■ Records from a collection:
== Segment start ==
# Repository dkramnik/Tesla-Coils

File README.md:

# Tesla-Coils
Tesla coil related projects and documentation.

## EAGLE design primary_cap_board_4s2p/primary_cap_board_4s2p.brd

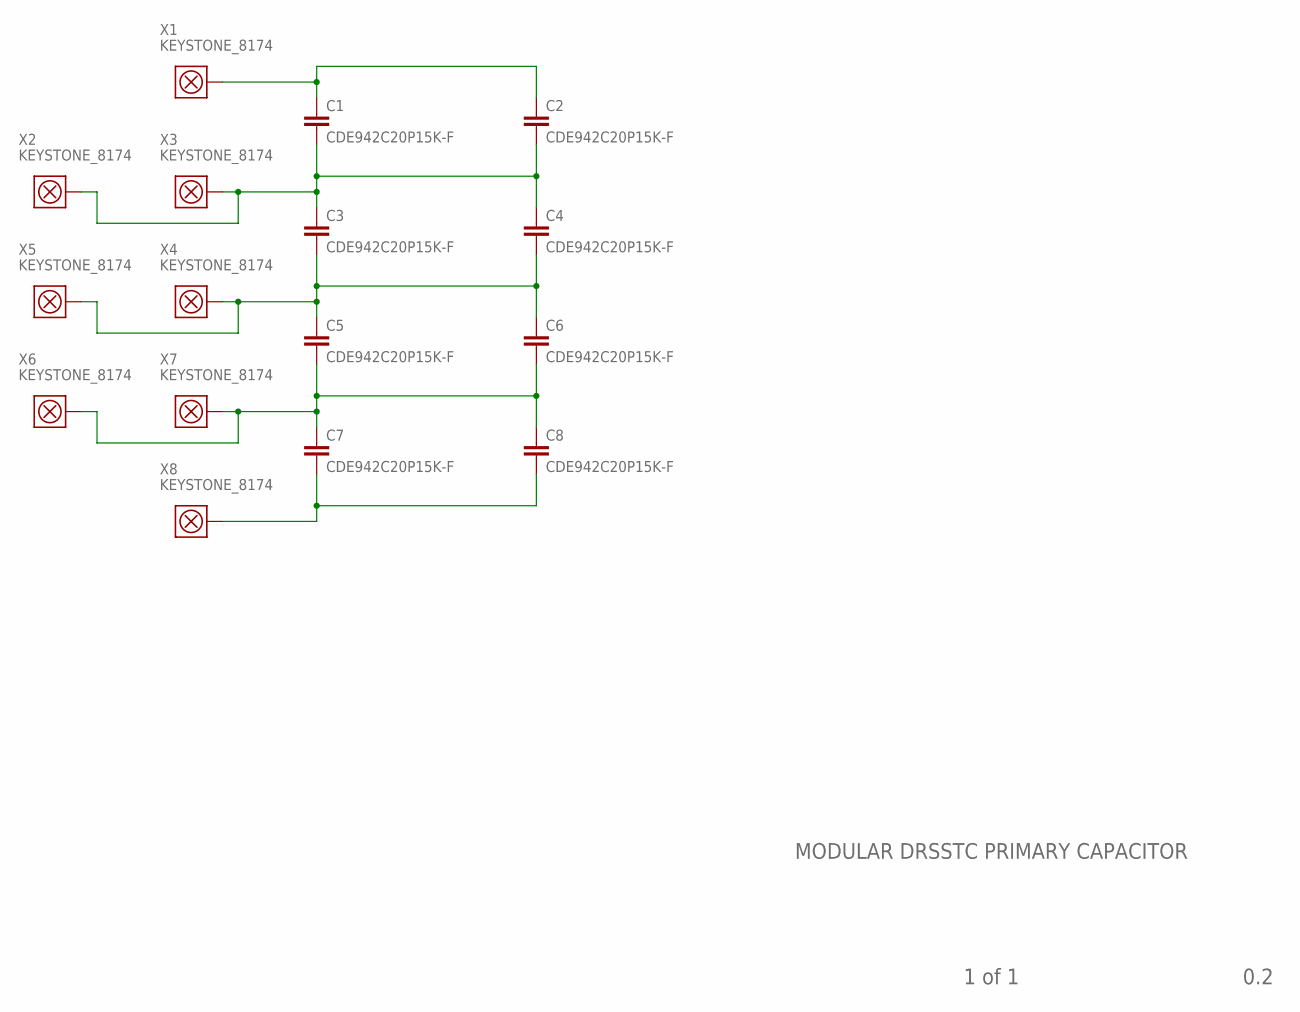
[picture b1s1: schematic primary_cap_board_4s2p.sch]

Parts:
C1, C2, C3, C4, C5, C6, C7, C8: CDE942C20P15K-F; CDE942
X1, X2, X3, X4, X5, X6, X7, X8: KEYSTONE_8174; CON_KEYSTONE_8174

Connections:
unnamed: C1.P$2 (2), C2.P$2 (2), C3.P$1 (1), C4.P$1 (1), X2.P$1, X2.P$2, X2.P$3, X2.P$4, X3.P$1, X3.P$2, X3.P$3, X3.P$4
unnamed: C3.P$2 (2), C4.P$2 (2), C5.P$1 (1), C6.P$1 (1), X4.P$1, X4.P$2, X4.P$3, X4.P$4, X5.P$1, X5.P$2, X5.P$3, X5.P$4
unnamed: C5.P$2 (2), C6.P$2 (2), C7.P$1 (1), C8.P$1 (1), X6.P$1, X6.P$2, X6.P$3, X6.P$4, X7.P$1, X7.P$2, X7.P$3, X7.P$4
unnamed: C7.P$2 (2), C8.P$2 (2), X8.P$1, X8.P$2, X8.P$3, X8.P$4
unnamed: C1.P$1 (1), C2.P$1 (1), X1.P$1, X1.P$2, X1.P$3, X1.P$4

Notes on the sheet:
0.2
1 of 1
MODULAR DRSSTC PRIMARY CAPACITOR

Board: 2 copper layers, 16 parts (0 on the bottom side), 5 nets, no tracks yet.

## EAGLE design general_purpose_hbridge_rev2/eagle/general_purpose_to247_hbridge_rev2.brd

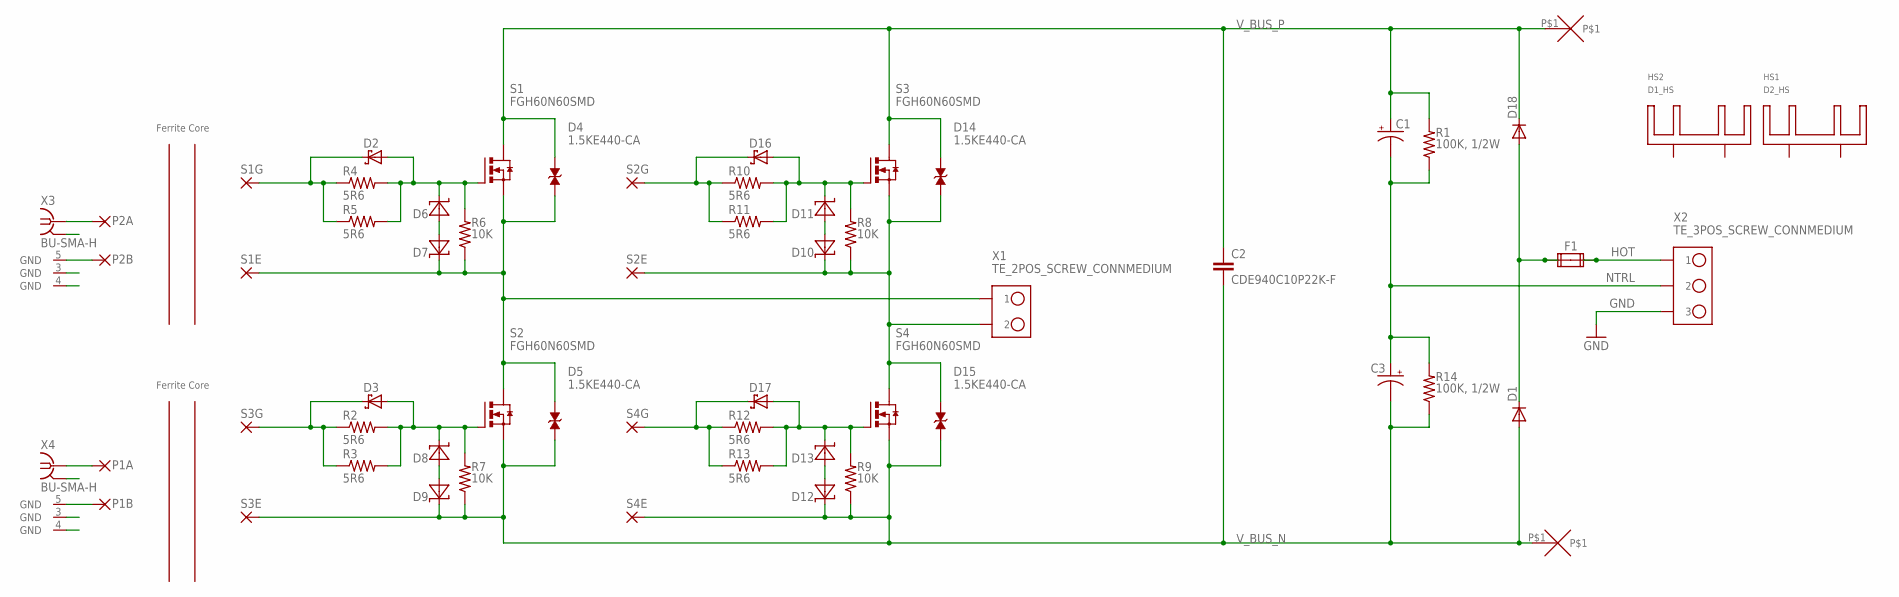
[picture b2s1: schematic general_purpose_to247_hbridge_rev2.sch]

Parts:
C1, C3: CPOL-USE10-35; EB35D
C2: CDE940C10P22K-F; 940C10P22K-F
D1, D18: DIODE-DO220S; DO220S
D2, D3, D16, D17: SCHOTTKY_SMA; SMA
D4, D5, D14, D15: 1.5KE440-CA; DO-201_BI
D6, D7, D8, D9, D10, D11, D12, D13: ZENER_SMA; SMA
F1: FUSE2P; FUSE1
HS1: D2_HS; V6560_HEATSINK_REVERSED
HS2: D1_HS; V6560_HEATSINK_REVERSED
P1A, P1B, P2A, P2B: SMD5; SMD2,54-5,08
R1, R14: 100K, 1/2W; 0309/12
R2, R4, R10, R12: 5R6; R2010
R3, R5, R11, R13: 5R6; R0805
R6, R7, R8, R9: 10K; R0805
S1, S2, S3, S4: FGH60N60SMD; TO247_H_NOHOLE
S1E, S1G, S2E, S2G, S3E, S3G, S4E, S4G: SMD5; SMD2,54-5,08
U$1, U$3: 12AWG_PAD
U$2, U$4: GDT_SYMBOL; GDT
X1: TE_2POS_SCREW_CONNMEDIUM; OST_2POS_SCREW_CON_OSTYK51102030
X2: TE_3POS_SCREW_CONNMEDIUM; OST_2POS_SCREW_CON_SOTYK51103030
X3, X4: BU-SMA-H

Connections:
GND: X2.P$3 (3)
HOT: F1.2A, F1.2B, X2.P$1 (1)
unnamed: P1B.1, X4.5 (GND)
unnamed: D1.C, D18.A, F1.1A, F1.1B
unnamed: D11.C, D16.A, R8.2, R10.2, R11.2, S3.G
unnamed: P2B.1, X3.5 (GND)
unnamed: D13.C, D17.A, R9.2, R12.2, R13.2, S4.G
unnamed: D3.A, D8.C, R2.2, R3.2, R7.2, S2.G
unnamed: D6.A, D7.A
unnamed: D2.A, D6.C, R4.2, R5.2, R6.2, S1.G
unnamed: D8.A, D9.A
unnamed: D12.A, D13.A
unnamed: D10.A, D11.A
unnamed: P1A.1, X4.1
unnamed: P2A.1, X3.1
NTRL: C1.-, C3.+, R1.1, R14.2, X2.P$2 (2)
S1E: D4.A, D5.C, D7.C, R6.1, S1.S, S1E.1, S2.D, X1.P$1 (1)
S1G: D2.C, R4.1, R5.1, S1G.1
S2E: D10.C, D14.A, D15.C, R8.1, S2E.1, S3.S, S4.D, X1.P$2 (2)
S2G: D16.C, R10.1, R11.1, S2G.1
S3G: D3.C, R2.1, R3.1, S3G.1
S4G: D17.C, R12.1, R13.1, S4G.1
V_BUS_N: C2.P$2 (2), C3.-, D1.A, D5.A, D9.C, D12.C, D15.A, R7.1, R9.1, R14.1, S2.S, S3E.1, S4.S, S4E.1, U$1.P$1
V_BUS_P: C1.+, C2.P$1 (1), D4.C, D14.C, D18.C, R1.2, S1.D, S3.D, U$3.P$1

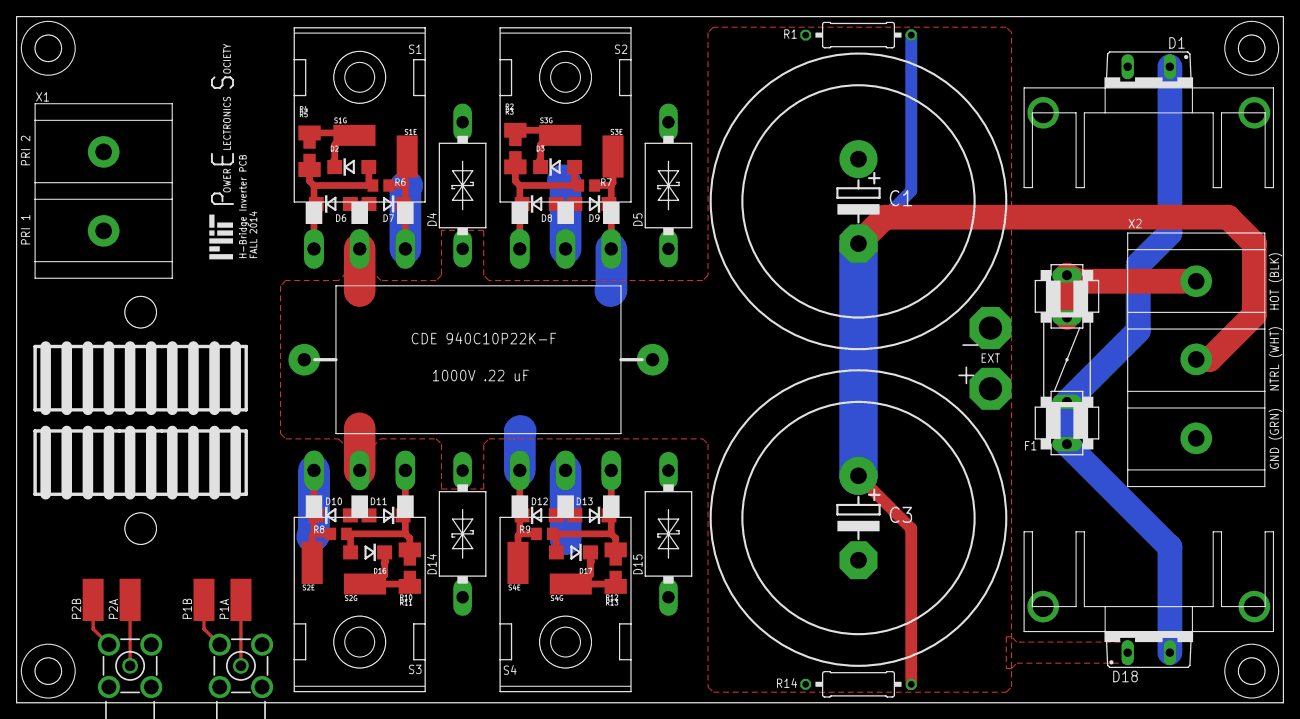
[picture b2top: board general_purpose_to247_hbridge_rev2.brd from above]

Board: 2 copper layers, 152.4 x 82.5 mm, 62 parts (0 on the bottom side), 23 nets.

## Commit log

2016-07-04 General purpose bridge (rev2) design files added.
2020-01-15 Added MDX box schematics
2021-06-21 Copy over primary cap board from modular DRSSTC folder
== Segment end ==
■ Work request:
Every entry above should be printed again exactly, except for the pictures.

■ Answer section:
# Repository dkramnik/Tesla-Coils

File README.md:

# Tesla-Coils
Tesla coil related projects and documentation.

## EAGLE design primary_cap_board_4s2p/primary_cap_board_4s2p.brd

[picture b1s1: schematic primary_cap_board_4s2p.sch]

Parts:
C1, C2, C3, C4, C5, C6, C7, C8: CDE942C20P15K-F; CDE942
X1, X2, X3, X4, X5, X6, X7, X8: KEYSTONE_8174; CON_KEYSTONE_8174

Connections:
unnamed: C1.P$2 (2), C2.P$2 (2), C3.P$1 (1), C4.P$1 (1), X2.P$1, X2.P$2, X2.P$3, X2.P$4, X3.P$1, X3.P$2, X3.P$3, X3.P$4
unnamed: C3.P$2 (2), C4.P$2 (2), C5.P$1 (1), C6.P$1 (1), X4.P$1, X4.P$2, X4.P$3, X4.P$4, X5.P$1, X5.P$2, X5.P$3, X5.P$4
unnamed: C5.P$2 (2), C6.P$2 (2), C7.P$1 (1), C8.P$1 (1), X6.P$1, X6.P$2, X6.P$3, X6.P$4, X7.P$1, X7.P$2, X7.P$3, X7.P$4
unnamed: C7.P$2 (2), C8.P$2 (2), X8.P$1, X8.P$2, X8.P$3, X8.P$4
unnamed: C1.P$1 (1), C2.P$1 (1), X1.P$1, X1.P$2, X1.P$3, X1.P$4

Notes on the sheet:
0.2
1 of 1
MODULAR DRSSTC PRIMARY CAPACITOR

Board: 2 copper layers, 16 parts (0 on the bottom side), 5 nets, no tracks yet.

## EAGLE design general_purpose_hbridge_rev2/eagle/general_purpose_to247_hbridge_rev2.brd

[picture b2s1: schematic general_purpose_to247_hbridge_rev2.sch]

Parts:
C1, C3: CPOL-USE10-35; EB35D
C2: CDE940C10P22K-F; 940C10P22K-F
D1, D18: DIODE-DO220S; DO220S
D2, D3, D16, D17: SCHOTTKY_SMA; SMA
D4, D5, D14, D15: 1.5KE440-CA; DO-201_BI
D6, D7, D8, D9, D10, D11, D12, D13: ZENER_SMA; SMA
F1: FUSE2P; FUSE1
HS1: D2_HS; V6560_HEATSINK_REVERSED
HS2: D1_HS; V6560_HEATSINK_REVERSED
P1A, P1B, P2A, P2B: SMD5; SMD2,54-5,08
R1, R14: 100K, 1/2W; 0309/12
R2, R4, R10, R12: 5R6; R2010
R3, R5, R11, R13: 5R6; R0805
R6, R7, R8, R9: 10K; R0805
S1, S2, S3, S4: FGH60N60SMD; TO247_H_NOHOLE
S1E, S1G, S2E, S2G, S3E, S3G, S4E, S4G: SMD5; SMD2,54-5,08
U$1, U$3: 12AWG_PAD
U$2, U$4: GDT_SYMBOL; GDT
X1: TE_2POS_SCREW_CONNMEDIUM; OST_2POS_SCREW_CON_OSTYK51102030
X2: TE_3POS_SCREW_CONNMEDIUM; OST_2POS_SCREW_CON_SOTYK51103030
X3, X4: BU-SMA-H

Connections:
GND: X2.P$3 (3)
HOT: F1.2A, F1.2B, X2.P$1 (1)
unnamed: P1B.1, X4.5 (GND)
unnamed: D1.C, D18.A, F1.1A, F1.1B
unnamed: D11.C, D16.A, R8.2, R10.2, R11.2, S3.G
unnamed: P2B.1, X3.5 (GND)
unnamed: D13.C, D17.A, R9.2, R12.2, R13.2, S4.G
unnamed: D3.A, D8.C, R2.2, R3.2, R7.2, S2.G
unnamed: D6.A, D7.A
unnamed: D2.A, D6.C, R4.2, R5.2, R6.2, S1.G
unnamed: D8.A, D9.A
unnamed: D12.A, D13.A
unnamed: D10.A, D11.A
unnamed: P1A.1, X4.1
unnamed: P2A.1, X3.1
NTRL: C1.-, C3.+, R1.1, R14.2, X2.P$2 (2)
S1E: D4.A, D5.C, D7.C, R6.1, S1.S, S1E.1, S2.D, X1.P$1 (1)
S1G: D2.C, R4.1, R5.1, S1G.1
S2E: D10.C, D14.A, D15.C, R8.1, S2E.1, S3.S, S4.D, X1.P$2 (2)
S2G: D16.C, R10.1, R11.1, S2G.1
S3G: D3.C, R2.1, R3.1, S3G.1
S4G: D17.C, R12.1, R13.1, S4G.1
V_BUS_N: C2.P$2 (2), C3.-, D1.A, D5.A, D9.C, D12.C, D15.A, R7.1, R9.1, R14.1, S2.S, S3E.1, S4.S, S4E.1, U$1.P$1
V_BUS_P: C1.+, C2.P$1 (1), D4.C, D14.C, D18.C, R1.2, S1.D, S3.D, U$3.P$1

[picture b2top: board general_purpose_to247_hbridge_rev2.brd from above]

Board: 2 copper layers, 152.4 x 82.5 mm, 62 parts (0 on the bottom side), 23 nets.

## Commit log

2016-07-04 General purpose bridge (rev2) design files added.
2020-01-15 Added MDX box schematics
2021-06-21 Copy over primary cap board from modular DRSSTC folder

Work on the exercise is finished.